Langit mulai cerah, embun perlahan-lahan luruh ke bumi, bangun tidur, cuci muka tanpa mandi. Pak Kusno sudah bergegas ke kedai minum yang terletak di ujung jalan menuju rumahnya. Â Sudah seperti tradisi di kampung Singge atau sekitarnya. Bapak-bapak seperti suatu keharusan sarapan di kedai kopi. Jarang mereka minum atau sarapan di rumah. Jika minum dan mengobrol di warung rasanya baru apdol melewati hari berlalu. Tak hanya pagi hari.
Sore hari juga kedai kopi selalu ramai hanya sampai jam 17.00 WIB. Kemudian  kedai tuak untuk selanjutnya yang selalu ramai pada malam hari.

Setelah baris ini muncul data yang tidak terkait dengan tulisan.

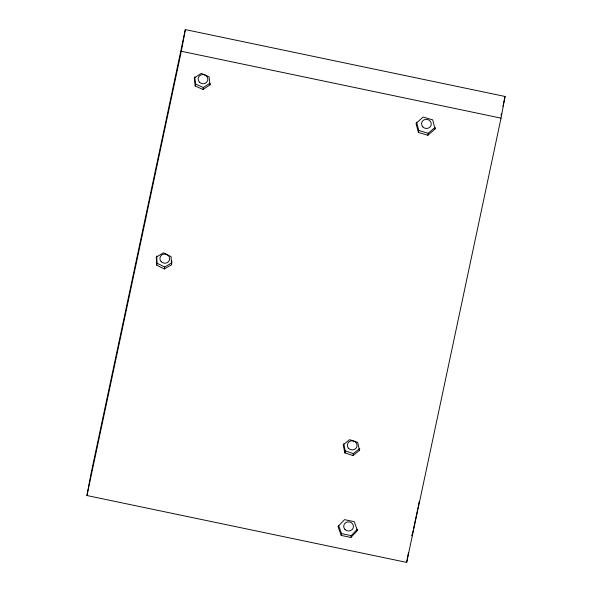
<?xml version="1.0" encoding="UTF-8"?>
<svg xmlns="http://www.w3.org/2000/svg" width="592" height="592" viewBox="0 0 592 592"><rect width="100%" height="100%" fill="white"/><g stroke="black" fill="none" stroke-linecap="round" stroke-linejoin="round"><path stroke-width="0.89" d="M86.943 495.534L90.961 473.874L185.333 29.6L505.057 96.466L501.039 118.126L406.667 562.4L86.943 495.534L181.322 51.26L185.333 29.6M171.821 260.976L171.554 264.728L164.361 268.975L156.717 265.142L157.08 263.188L156.68 256.01M210.204 83.568L209.968 84.871L203.019 89.466L195.182 86.003L195.545 84.049L194.761 76.886M164.361 268.975L164.724 267.014L171.917 262.767M203.019 89.466L203.382 87.512L209.635 83.376M359.67 449.099L359.425 450.401L352.98 455.588L344.855 452.813L345.217 450.86L343.73 443.785M345.069 453.043L345.432 451.089M352.98 455.588L353.335 453.627L359.788 448.447M353.417 454.878L353.661 453.576M357.664 529.366L357.435 530.58L350.901 537.447L341.192 535.42L341.525 533.592L338.631 525.504M435.29 127.672L435.046 128.975L427.898 135.272L418.389 132.467L418.751 130.506L416.598 122.226M350.901 537.447L351.241 535.627L357.183 529.381M427.898 135.272L428.26 133.318L434.765 127.591M406.667 562.4L408.51 552.477M412.654 532.356L411.995 535.938L413.135 530.55M418.285 506.323L419.114 501.838M501.047 115.351L501.424 113.546M502.963 106.323L505.057 96.466M413.519 528.76L417.33 510.807M417.715 509.009L418.093 507.218M181.322 51.26L501.039 118.126M341.525 533.592L351.241 535.627M418.751 130.506L428.26 133.318M345.217 450.86L353.335 453.627M195.545 84.049L203.382 87.512M157.08 263.188L164.724 267.014M357.435 530.58L354.253 521.678L344.537 519.643L338.01 526.517L341.192 535.42M435.046 128.975L432.685 119.865L423.176 117.053L416.021 123.358L418.389 132.467M359.425 450.401L357.753 442.439L349.628 439.671L343.175 444.851L344.855 452.813M209.968 84.871L209.072 76.819L201.243 73.356L194.294 77.944L195.182 86.003M171.554 264.728L171.103 256.647L163.459 252.821L156.266 257.069L156.717 265.142M161.165 261.62A4.884 4.581 10.5 0 0 169.423 260.147A4.884 4.581 10.5 0 0 163.777 254.116A4.884 4.581 10.5 0 0 161.165 261.62M348.555 448.351A4.884 4.581 10.5 0 0 356.821 446.879A4.884 4.581 10.5 0 0 351.174 440.848A4.884 4.581 10.5 0 0 348.555 448.351M422.792 126.888A4.884 4.581 10.5 0 0 431.05 125.415A4.884 4.581 10.5 0 0 425.404 119.384A4.884 4.581 10.5 0 0 422.792 126.888M199.386 82.133A4.884 4.581 10.5 0 0 207.644 80.66A4.884 4.581 10.5 0 0 201.998 74.629A4.884 4.581 10.5 0 0 199.386 82.133M344.951 529.403A4.884 4.581 10.5 0 0 353.209 527.931A4.884 4.581 10.5 0 0 347.563 521.892A4.884 4.581 10.5 0 0 344.951 529.403"/></g></svg>

Pak Kusno sudah sampai di warung, setiap Sabtu adalah hari libur jadi ada waktu untuk bercengkrama dengan warga kampung. Seperti biasa mereka bermain catur untuk menghabiskan waktu. Sekitar jam 9.00 WIB baru pada hengkang menuju kegiatan masing-masing. Kebiasaan menikmati hidup. Setelah minum dan sarapan di kedai kopi baru kemudian beranjak ke ladang atau ada yang pergi ke tempat lain.
Pagi  yang cerah, Pak Kusno sedang asyik bermain catur. Tak berapa lama anaknya yang nomor dua datang sambil membawa sepatunya yang robek.
"Pak, belikan sepatuku, "Johan sambil menenteng sepatu yang sobek dan menunjukkannya ke hadapan Pak Kusno.
"Lho kenapa kau tawarkan ke Bapak, sepatumu yang sobek."Pak Kusno menjawab perintah anaknya dengan wajah serius padahal teman-teman sebelahnya yang lagi pada asyik menikmati permainan catur sambil menunggu kopi dingin sudah mulai tertawa.
"Sedangkan yang baru saja yang kau tawarkan belum tentu aku mau beli,"Pak Kusno masih berseloroh. Sebenarnya dia tahu keinginan anaknya.
"Ihh Bapak, sepatuku sudah sobek belikan yang baru. Jika musim hujan, kaos kaki dan kakiku basah dan bahkan menjadi bau dan gatal."Johan dengan wajah memelas, sepatu sobeknya masih ada di tangannya.
"Oh sepatumu yang sobek, bilang dong dari tadi,"Pak Kusno tak merasa bersalah.